The Contemporary Art Evening Auction also includes works from the Clyman Collection by Willem de Kooning and Arshile Gorky.
AFRICAN ART FROM THE COLLECTION OF SIDNEY AND BERNICE CLYMAN
Auction Week of 29 June
Featuring 32 works, African Art from the Collection of Sidney and Bernice Clyman is one of the finest collections of Sub-Saharan African Art in the world and one of the last remaining collections from the golden age of African Art collecting in the US during the 1960s and 70s. Epitomizing the taste of American collectors of that period, the Clyman Collection is particularly strong in classic reliquary sculpture of Central Africa, including major examples of Fang and Kota Art from the equatorial forests of the Atlantic coast. Leading the dedicated auction is a masterpiece by the greatest of all Kota artists, a Reliquary Figure by the Sebe River Master of the Skull Head (estimate $500/700,000), which was previously in the legendary collections of Charles Ratton, Morris J. Pinto, and Murray Frum, and appeared in the exhibition and publication Eternal Ancestors: Art of the Central African Reliquary at the Metropolitan Museum of Art in 2007-8. An extraordinarily large and radically abstract Mahongwe Reliquary Figure (estimate $300/500,000) from Gabon was also included in Eternal Ancestors and represents one of the largest and finest surviving examples from this small but iconic corpus. Complimenting the Clyman Fang Head is a full-figured Fang Reliquary Statue (estimate $250/350,000) of cubistic aesthetics, which was previously in the collection of Gaston de Havenon.

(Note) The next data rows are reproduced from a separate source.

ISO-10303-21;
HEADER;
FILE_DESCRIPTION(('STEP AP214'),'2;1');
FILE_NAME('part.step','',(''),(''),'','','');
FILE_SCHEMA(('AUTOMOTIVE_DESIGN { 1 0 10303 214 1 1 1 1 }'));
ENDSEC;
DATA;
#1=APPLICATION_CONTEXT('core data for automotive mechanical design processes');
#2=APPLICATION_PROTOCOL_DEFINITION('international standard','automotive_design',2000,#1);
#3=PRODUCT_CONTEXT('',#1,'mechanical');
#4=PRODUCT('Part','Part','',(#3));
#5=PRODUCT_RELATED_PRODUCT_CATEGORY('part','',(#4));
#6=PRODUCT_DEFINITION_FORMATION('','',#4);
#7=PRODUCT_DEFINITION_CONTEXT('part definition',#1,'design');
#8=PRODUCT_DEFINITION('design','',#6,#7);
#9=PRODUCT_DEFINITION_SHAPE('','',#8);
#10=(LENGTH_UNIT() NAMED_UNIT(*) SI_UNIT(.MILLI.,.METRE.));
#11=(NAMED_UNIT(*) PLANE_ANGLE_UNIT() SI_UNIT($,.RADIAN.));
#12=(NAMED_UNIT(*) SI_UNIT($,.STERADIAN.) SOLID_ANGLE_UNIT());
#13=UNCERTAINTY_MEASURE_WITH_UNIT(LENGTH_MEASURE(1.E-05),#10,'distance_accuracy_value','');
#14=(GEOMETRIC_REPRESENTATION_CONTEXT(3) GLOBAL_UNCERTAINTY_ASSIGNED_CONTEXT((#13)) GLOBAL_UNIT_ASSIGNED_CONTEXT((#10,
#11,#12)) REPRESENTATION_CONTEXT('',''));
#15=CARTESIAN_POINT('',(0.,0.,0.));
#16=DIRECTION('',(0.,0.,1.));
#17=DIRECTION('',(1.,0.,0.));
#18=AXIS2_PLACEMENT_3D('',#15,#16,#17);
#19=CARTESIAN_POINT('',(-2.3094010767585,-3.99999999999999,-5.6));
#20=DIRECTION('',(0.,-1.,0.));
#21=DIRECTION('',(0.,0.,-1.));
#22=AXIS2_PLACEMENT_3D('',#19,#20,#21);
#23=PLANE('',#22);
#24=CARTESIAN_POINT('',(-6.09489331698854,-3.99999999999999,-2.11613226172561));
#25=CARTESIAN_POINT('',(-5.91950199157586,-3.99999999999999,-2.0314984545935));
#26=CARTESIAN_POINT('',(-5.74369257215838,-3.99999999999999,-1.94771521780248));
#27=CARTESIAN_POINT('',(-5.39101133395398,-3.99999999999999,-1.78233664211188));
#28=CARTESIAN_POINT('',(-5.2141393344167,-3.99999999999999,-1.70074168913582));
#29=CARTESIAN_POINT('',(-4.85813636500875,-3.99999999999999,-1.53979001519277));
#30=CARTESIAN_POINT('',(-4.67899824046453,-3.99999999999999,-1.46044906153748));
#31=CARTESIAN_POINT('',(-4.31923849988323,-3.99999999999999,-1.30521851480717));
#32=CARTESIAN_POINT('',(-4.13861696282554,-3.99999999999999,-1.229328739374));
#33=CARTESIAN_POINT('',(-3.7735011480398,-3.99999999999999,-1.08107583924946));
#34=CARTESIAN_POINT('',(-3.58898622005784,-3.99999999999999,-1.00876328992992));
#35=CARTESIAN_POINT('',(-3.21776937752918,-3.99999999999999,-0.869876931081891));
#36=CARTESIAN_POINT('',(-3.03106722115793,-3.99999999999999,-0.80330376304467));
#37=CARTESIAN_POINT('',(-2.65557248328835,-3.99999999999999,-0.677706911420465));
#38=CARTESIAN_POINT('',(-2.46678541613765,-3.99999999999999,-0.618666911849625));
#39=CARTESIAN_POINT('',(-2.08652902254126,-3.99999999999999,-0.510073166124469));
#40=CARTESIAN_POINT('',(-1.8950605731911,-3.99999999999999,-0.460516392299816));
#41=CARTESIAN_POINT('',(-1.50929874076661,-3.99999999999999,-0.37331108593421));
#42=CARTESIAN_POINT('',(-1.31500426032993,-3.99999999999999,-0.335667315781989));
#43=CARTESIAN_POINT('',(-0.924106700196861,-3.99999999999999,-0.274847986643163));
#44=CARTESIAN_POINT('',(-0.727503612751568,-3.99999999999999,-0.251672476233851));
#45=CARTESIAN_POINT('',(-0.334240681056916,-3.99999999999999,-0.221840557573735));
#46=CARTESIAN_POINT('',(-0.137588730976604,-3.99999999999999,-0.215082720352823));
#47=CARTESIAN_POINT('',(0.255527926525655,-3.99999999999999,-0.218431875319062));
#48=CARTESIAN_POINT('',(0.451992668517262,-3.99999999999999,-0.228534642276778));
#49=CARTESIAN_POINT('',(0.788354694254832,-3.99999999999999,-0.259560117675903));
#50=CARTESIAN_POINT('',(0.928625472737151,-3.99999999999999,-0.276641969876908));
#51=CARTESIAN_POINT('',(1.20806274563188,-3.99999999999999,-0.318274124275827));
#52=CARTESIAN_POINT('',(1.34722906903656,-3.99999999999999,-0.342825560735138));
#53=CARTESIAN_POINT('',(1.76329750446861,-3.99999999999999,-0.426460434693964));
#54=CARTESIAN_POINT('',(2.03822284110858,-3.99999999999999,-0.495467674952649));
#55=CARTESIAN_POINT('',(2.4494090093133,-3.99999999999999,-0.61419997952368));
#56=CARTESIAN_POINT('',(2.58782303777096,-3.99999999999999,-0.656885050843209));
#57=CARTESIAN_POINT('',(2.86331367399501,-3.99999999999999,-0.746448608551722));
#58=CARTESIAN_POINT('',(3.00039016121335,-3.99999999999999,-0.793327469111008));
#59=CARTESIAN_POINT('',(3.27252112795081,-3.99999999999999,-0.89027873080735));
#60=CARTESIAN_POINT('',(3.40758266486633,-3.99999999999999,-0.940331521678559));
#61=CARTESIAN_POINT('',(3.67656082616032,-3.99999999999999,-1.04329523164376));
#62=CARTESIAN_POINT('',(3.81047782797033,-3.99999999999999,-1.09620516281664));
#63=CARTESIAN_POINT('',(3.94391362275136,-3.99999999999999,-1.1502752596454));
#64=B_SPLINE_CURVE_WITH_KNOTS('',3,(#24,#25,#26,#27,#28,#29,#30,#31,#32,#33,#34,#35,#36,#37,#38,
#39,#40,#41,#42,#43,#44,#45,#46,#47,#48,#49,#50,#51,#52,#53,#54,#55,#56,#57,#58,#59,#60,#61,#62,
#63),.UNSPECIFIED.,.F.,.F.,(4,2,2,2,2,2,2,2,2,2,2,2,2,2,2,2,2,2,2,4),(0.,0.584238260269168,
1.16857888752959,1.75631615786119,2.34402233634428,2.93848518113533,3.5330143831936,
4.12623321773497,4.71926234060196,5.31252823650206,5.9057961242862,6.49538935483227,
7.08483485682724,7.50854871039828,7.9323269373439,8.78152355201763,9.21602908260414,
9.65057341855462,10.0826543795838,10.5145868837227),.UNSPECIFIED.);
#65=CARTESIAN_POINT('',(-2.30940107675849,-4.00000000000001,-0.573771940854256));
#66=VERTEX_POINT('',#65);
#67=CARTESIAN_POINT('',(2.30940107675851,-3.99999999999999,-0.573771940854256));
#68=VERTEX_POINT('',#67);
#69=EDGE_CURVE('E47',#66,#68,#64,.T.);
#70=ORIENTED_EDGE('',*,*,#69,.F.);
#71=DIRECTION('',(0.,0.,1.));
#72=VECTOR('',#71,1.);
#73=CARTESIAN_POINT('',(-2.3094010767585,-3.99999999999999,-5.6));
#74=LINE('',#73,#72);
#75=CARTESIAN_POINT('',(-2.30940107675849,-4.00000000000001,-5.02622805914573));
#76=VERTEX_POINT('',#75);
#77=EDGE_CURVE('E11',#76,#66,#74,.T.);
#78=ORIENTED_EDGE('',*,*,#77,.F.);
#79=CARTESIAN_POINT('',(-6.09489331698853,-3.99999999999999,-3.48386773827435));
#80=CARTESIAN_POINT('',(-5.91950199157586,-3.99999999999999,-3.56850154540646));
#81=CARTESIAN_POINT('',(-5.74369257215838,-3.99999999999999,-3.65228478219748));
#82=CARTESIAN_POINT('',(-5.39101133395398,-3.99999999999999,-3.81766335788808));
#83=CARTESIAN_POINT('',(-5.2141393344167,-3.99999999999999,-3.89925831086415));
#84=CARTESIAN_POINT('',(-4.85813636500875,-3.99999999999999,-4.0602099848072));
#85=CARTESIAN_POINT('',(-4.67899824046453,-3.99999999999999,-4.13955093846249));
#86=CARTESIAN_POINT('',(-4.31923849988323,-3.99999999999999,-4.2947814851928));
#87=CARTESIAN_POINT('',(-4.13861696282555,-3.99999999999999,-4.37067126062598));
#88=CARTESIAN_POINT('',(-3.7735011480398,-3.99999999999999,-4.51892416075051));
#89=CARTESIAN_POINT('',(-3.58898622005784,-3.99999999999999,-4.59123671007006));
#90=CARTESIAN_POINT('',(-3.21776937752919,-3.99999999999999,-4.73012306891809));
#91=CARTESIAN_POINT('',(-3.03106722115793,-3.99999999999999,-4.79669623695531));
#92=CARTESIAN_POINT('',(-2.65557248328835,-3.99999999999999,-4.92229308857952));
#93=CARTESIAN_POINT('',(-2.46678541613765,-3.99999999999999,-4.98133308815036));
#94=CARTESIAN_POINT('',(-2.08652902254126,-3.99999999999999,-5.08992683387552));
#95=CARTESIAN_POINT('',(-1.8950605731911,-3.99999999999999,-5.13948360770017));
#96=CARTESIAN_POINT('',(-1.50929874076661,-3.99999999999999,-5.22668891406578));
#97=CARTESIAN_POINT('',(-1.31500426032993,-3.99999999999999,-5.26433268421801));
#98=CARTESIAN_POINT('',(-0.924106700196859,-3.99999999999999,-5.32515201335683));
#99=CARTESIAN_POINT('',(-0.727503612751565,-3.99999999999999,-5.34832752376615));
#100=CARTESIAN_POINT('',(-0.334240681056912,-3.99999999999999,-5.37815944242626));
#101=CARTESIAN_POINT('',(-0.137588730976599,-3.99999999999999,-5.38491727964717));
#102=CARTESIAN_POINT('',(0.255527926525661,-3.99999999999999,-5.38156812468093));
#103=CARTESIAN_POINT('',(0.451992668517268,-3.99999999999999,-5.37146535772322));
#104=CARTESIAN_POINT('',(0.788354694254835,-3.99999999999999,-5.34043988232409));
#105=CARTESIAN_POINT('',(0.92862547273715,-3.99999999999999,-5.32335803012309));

Other highlights include an early and expressive Songye Mask (estimate $70/100,000) acquired by the Clymans from Merton D. Simpson, and a rare and exceptionally fine Senufo Male and Female Couple (estimate $100/150,000), in which the male is depicted on horseback, and was published in the landmark MoMA project Primitivism in 20th Century Art in 1984.
*Three African Traditions: The Art of the Dogon, Fang and Songye, Greenwich, Connecticut, 1999.